Выбрать главу

Итак, обаяние было налицо. Но что же имелось тут плутовского? Заинтересованный заранее, Лавровский поневоле искал и не находил ничего, что навело бы на мысль о возможности тех низменных побуждений, которые приписывал молодому человеку Венцель.

Невольно залюбовавшись видением молодости и изящества — нельзя было сказать «мужественности», ибо что-то женственное просматривалось в облике Рудольфа, — Лавровский несколько удивился, что тот направился прямо к нему.

Не дожидаясь, пока его представят, даже сделав какой-то слегка небрежный жест в адрес выступившего вперед отчима, Рудольф, сдвинув каблуки и низко наклонив голову, отчего золотисто блеснули его гладкие волосы, сказал приятным, глубоким голосом, так идущим ко всей его внешности:

— Счастлив познакомиться с вами, господин Лавровски. И передать вам привет от вашей дочери, с которой расстался всего лишь сутки назад…

Даже сейчас, через столько лет, Евгений Алексеевич помнил тот холодок ужаса, то ощущение как бы пойманности, плена, которые пробудили в нем эти слова. Почему плена, почему ловушки? Потому что, как страус, прячущий под крыло голову в виду опасности, он думал, что, удалив свою дочь из пределов рейха, открыв ей путь в искусство, в среду художников, пусть даже богемную, пусть космолитическую… сделав это, он может успокоиться на ее счет, смирившись с тем, что в дочери французское уживалось с немецким, но, кроме имени, ничего не осталось русского.

То, что Катя подолгу жила у родителей в Швейцарии, но ни разу не приезжала еще к ним в Берлин, даже устраивало Лавровского: он боялся за дочь. Для молодежи особенно соблазнительна была звонкая, цепкая, обещающая столь многое пропаганда нацистов. Куда, в какую среду попадет нежная, немного инфантильная, мечтательная, вовсе не похожая ни внешне, ни духовно на мать — так он, по крайней мере, представлял ее себе, — темноволосая, темноглазая Катя?

Он так оберегал ее, так радовался, что она далеко от того котла страстей и событий, в котором они тут варились! Бывая в Париже, он знакомился с молодыми художниками, друзьями Кати, вникал в их интересы, окунался в чуждую, но милую его сердцу атмосферу искусства, относительной вольности — потому что юнцы эти чуждались политики, — молодого веселья…

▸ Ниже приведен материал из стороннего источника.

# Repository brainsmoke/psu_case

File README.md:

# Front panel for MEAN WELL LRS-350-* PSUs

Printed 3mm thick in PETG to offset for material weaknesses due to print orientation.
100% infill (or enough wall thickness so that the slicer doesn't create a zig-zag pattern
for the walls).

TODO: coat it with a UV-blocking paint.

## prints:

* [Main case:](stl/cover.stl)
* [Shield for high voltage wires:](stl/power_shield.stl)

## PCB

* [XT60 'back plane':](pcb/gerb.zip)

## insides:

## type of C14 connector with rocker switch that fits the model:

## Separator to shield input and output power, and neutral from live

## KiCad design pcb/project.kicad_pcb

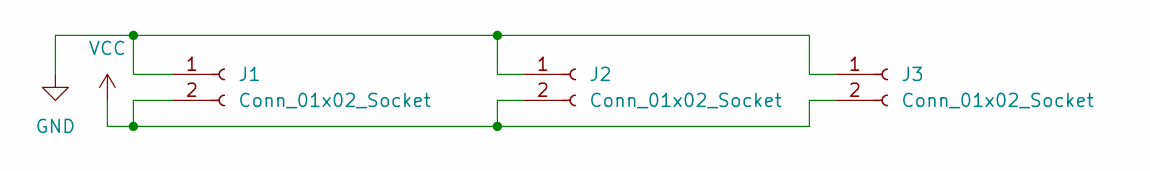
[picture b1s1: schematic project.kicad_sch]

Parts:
J1, J2, J3: Conn_01x02_Socket; AMASS_XT60-F_1x02_P7.20mm_Vertical

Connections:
GND: J1.1, J2.1, J3.1
VCC: J1.2, J2.2, J3.2

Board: 2 copper layers, 3 parts (0 on the bottom side), 2 nets, no tracks yet.

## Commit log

2025-01-29 init
2025-01-29 untested, unfinished
2025-01-31 chamfer xt60 holes
2025-01-31 add stls, unfinished, untested
2025-02-01 fix margin, add separate margin for xt60
2025-02-01 cleanup, add bumps
2025-02-01 update stl, untested, unfinished
2025-02-03 license
2025-02-06 add tests, widen border
2025-02-07 save plastic, add tests
2025-02-07 remove stray file
2025-02-08 adjust power plug margin
2025-02-11 add Makefile
2025-02-11 adjust powerplug latch position
2025-02-11 add readme
2025-02-11 improve readme
2025-02-11 directory reorg
2025-02-11 fix Makefile after move
2025-02-11 readme edit
2025-02-12 fix makefile scad dependencies
2025-02-12 change shape of power plug latches to make it less removable from the inside
2025-02-12 add feet
2025-02-12 add git conffiles
2025-02-14 add separate parameter file
2025-02-14 add power shield image
2025-02-21 fix link typo
2025-03-04 rotate models to print orientation
2025-04-17 small edit in readme
2025-05-07 Use tighter tolerances on PCB for XT60 holes
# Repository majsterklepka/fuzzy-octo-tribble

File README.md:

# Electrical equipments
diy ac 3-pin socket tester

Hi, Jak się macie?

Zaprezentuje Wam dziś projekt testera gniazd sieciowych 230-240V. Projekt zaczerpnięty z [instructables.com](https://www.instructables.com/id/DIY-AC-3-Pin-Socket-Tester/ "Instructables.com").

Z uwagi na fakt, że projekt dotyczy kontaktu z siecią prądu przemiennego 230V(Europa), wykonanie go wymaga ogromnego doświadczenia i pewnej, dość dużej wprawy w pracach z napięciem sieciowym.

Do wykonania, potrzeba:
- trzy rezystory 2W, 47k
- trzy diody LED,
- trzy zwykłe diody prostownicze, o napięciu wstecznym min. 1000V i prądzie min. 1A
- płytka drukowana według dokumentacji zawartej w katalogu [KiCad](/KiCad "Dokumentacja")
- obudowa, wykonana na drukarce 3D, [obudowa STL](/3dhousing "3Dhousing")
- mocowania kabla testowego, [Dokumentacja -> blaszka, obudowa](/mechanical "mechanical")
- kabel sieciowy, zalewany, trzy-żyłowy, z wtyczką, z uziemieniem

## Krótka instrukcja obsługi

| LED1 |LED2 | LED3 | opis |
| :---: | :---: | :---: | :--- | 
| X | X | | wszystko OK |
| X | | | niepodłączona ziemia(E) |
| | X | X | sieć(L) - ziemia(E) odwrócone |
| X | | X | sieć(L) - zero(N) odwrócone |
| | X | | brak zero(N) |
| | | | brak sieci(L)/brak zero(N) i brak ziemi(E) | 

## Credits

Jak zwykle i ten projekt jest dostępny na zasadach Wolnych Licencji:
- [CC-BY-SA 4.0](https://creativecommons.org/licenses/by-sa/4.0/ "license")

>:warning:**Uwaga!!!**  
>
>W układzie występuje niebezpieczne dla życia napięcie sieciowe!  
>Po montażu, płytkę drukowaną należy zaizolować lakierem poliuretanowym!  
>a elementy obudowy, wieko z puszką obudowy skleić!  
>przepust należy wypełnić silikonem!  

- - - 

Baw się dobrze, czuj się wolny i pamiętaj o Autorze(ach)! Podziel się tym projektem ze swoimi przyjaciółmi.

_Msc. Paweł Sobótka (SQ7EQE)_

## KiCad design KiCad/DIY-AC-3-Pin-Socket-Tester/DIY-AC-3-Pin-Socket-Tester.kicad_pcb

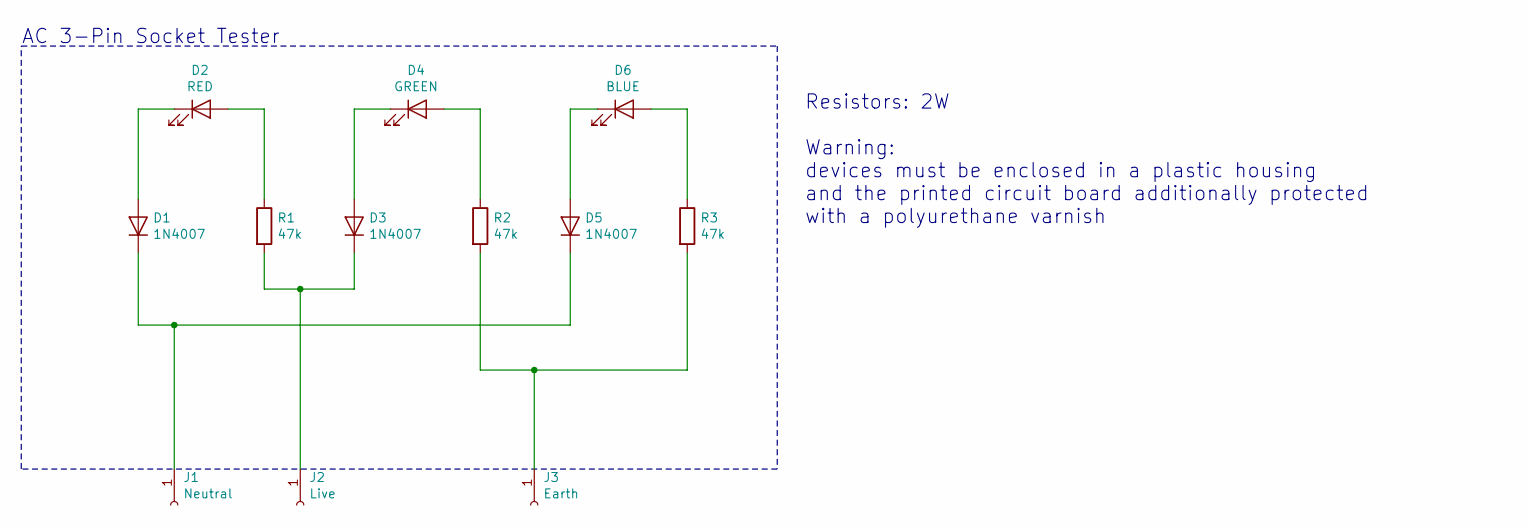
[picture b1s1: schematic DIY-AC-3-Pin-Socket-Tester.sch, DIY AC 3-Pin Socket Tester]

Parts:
D1, D3, D5: 1N4007; D_DO-41_SOD81_P10.16mm_Horizontal
D2: RED; LED_D5.0mm
D4: GREEN; LED_D5.0mm
D6: BLUE; LED_D5.0mm
J1: Neutral; Pin_D1.0mm_L10.0mm
J2: Live; Pin_D1.0mm_L10.0mm
J3: Earth; Pin_D1.0mm_L10.0mm
R1, R2, R3: 47k; R_Axial_DIN0414_L11.9mm_D4.5mm_P15.24mm_Horizontal

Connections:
unnamed: D1.1 (K), D5.1 (K), J1.1
unnamed: D1.2 (A), D2.1 (K)
unnamed: D2.2 (A), R1.1
unnamed: D3.1 (K), J2.1, R1.2
unnamed: D3.2 (A), D4.1 (K)
unnamed: D4.2 (A), R2.1
unnamed: D5.2 (A), D6.1 (K)
unnamed: D6.2 (A), R3.1
unnamed: J3.1, R2.2, R3.2

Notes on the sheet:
Resistors: 2W Warning: devices must be enclosed in a plastic housing and the printed circuit board additionally protected with a polyurethane varnish
AC 3-Pin Socket Tester

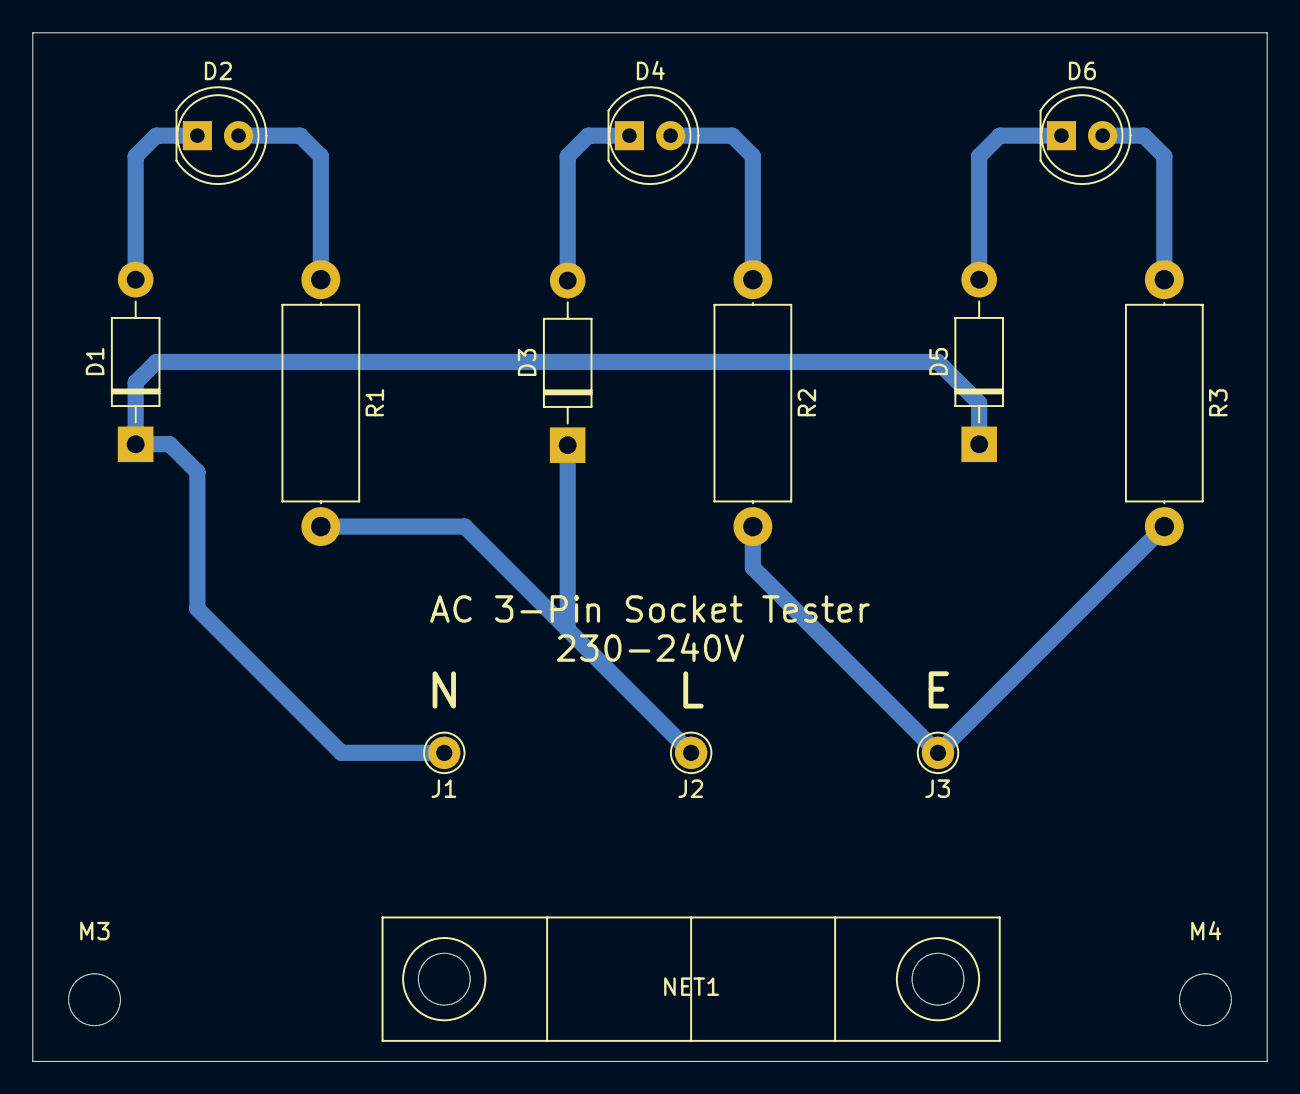
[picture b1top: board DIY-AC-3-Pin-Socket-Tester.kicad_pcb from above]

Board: 2 copper layers, 76.2 x 63.5 mm, 15 parts (0 on the bottom side), 9 nets.

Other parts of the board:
M3, M4: MountingHole_3.2mm_M3
NET1: net-cable-conn

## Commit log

2020-05-04 new project file
2020-05-04 update file
2020-05-05 add emoji
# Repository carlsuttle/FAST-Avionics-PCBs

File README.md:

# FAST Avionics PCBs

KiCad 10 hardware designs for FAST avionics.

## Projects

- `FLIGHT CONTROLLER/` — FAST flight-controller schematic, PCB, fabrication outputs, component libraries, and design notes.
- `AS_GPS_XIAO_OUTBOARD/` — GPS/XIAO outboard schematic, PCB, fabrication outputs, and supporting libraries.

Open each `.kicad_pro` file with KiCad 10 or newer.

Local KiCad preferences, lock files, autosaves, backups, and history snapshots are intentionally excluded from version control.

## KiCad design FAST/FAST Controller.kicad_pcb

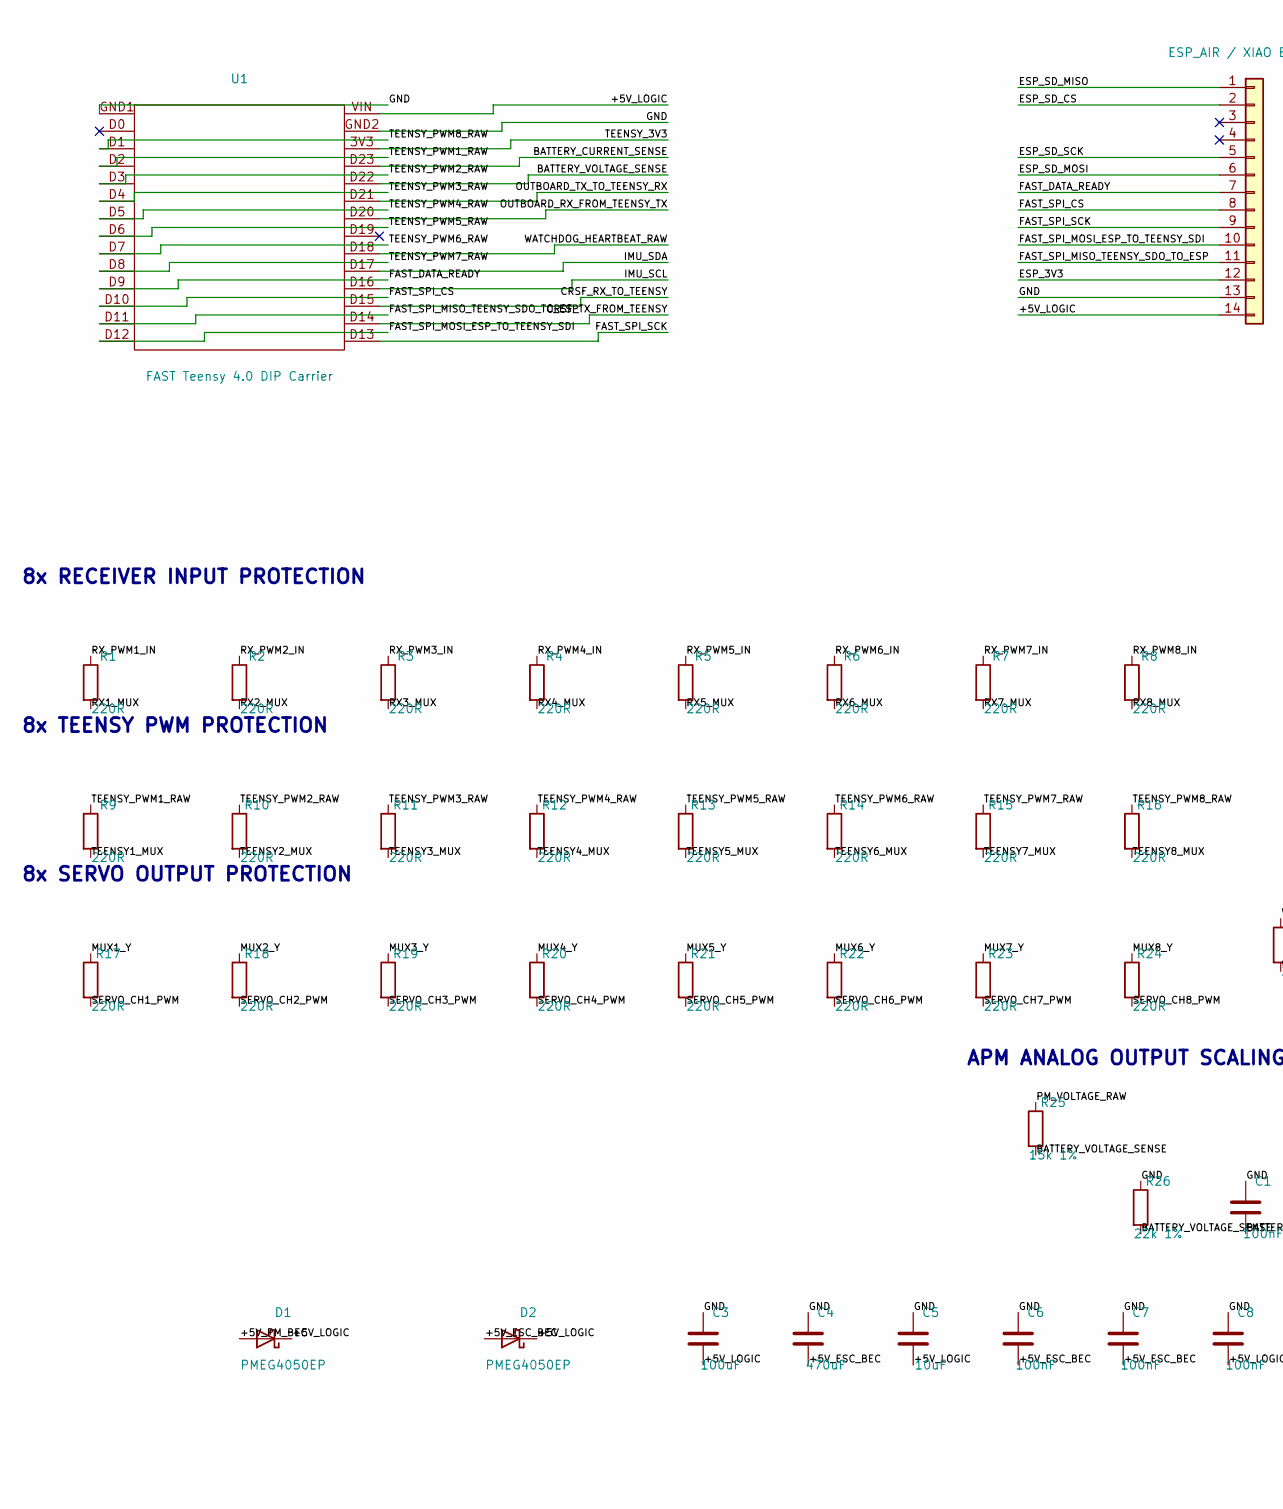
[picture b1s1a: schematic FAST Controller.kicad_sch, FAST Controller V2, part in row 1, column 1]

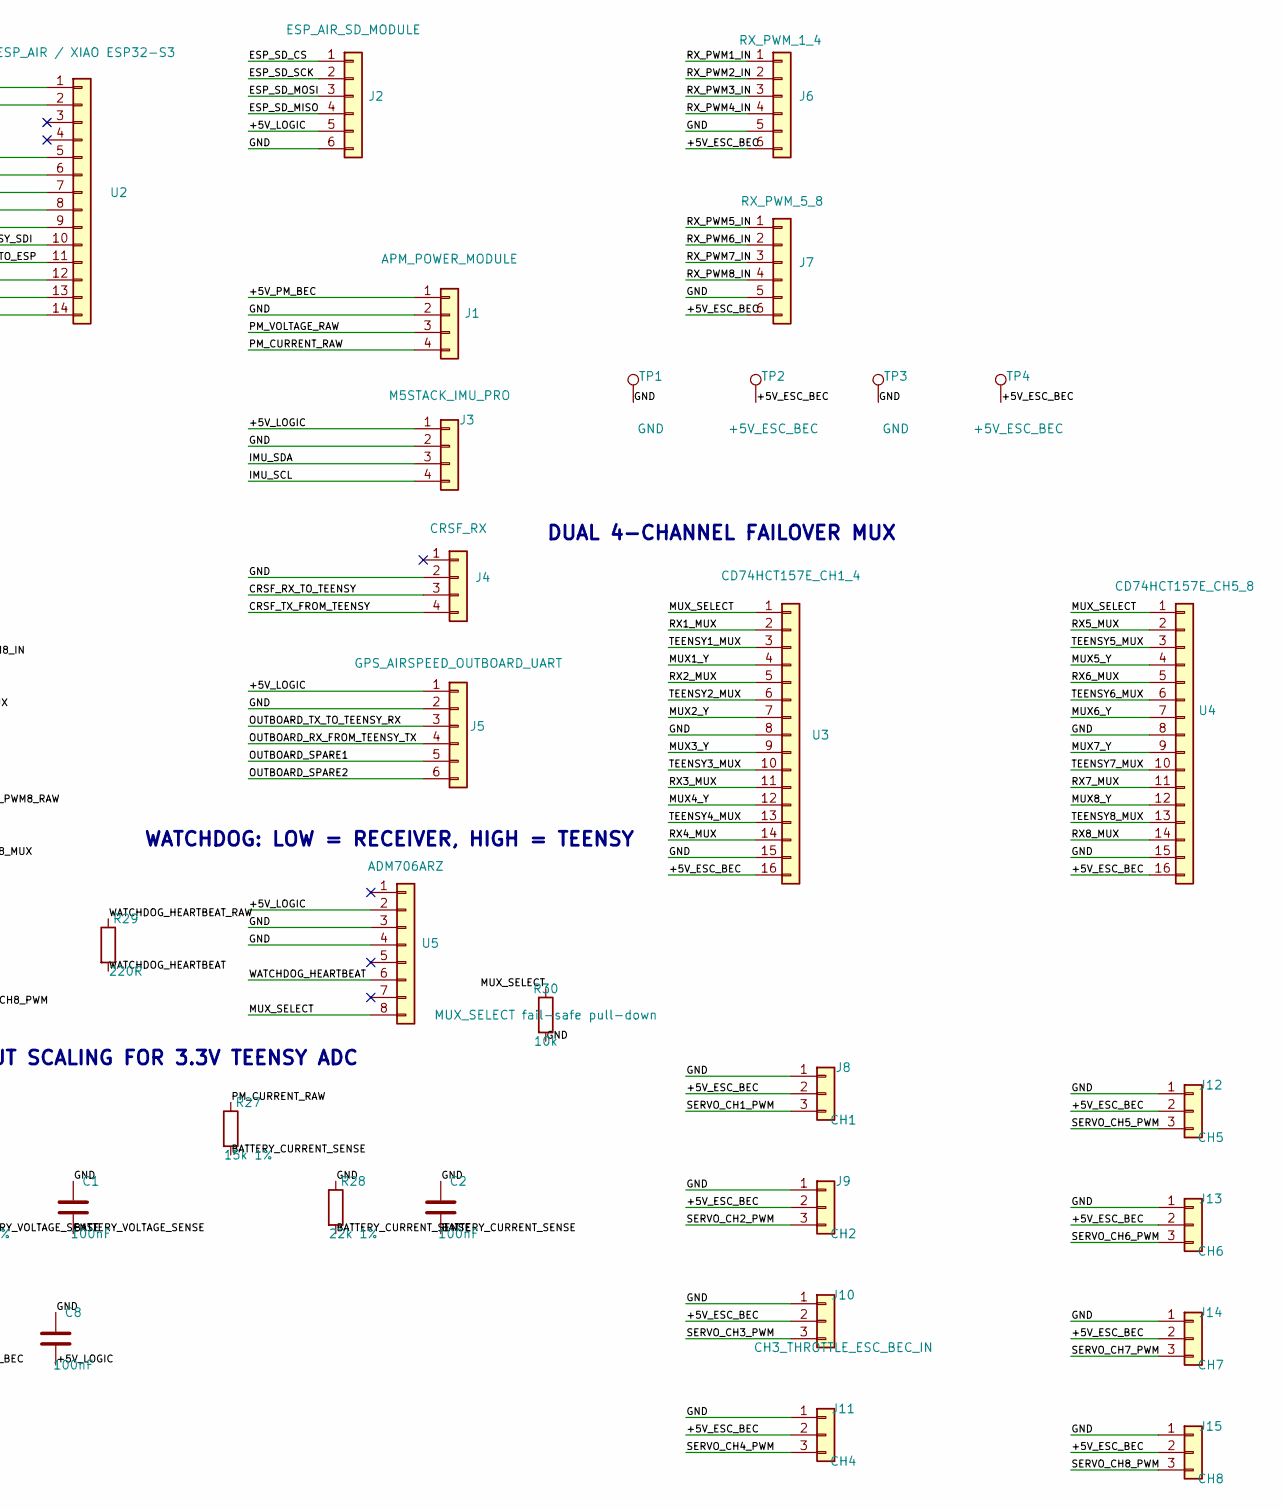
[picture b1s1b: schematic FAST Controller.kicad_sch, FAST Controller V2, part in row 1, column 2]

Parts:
C1, C2, C6, C7, C8: 100nF; C_0805_2012Metric_Pad1.18x1.45mm_HandSolder
C3: 100uF; CP_Radial_D5.0mm_P2.00mm
C4: 470uF; CP_Radial_D8.0mm_P3.50mm
C5: 10uF; C_0805_2012Metric_Pad1.18x1.45mm_HandSolder
D1, D2: PMEG4050EP; D_SOD-128
J1: APM_POWER_MODULE; JST_XH_B4B-XH-A_1x04_P2.50mm_Vertical
J2: ESP_AIR_SD_MODULE; JST_XH_B6B-XH-A_1x06_P2.50mm_Vertical
J3: M5STACK_IMU_PRO; JST_XH_B4B-XH-A_1x04_P2.50mm_Vertical
J4: CRSF_RX; JST_XH_B4B-XH-A_1x04_P2.50mm_Vertical
J5: GPS_AIRSPEED_OUTBOARD_UART; JST_XH_B6B-XH-A_1x06_P2.50mm_Vertical
J6: RX_PWM_1_4; JST_XH_B6B-XH-A_1x06_P2.50mm_Vertical
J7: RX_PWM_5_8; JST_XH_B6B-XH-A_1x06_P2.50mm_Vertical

И все это словно бы черной чертой перечеркнули слова красивого юноши. Да почему же, черт возьми? Что из того, что Рудольф Штильмарк оказался знаком с его дочерью? Почему какая-то бесповоротность почудилась — да, да! — конечно, только почудилась в. его таких обычных, просто любезных словах! Почему словно бы темное облако встало над головой Кати от малозначащих светских фраз? Может быть, молодой человек унаследовал от своей матери эту манеру, придающую характер прорицания ничего не значащим, житейским словам? Может быть, отсюда какая-то искра иронии в глубине глаз красавчика, какая-то неуловимая — не усмешка, но тень ее в уголках губ, в изломе бровей… «Ты хранил ее, ты прятал ее, ты мечтал, чтоб она уцелела… Ты воображал, что это возможно в твоем мире, мире, избранном тобой добровольно… И вот ты попался!» — похоронным звоном звучало в ушах Лавровского.

Он отогнал наваждение: «Да что же случилось, в конце концов? Рудольф Штильмарк передал привет от Кати… Что из этого? Да ровно ничего. Придумалось. Привиделось».

Он взял себя в руки, доброжелательно говорил с молодым человеком. Рудольф не вернется в Париж? Вот как? Он считает, что, имея такую родину и такого фюрера, грех находиться вдали… Он хочет служить отечеству. Перед ним открыты все двери… В память его матери «руководящие круги» принимают в нем участие. Он так стремится на Восточный фронт, но его решительно не пускают. «Почему он мне об этом говорит? И повторяет с такой настойчивостью? — с вновь возникшим подозрением подумал Лавровский. — Но в конце концов, самое важное то, что он не вернется во Францию. А Катя — там… И кто знает, когда они встретятся. Во всяком случае, надо принять меры, чтобы это не случилось вообще».

Через месяц Катя навсегда оставила Париж и вернулась на родину. Лавровский так и не узнал никогда, какие сети плелись его женой вокруг этого события. Еще через месяц Катя была помолвлена с Рудольфом Штильмарком.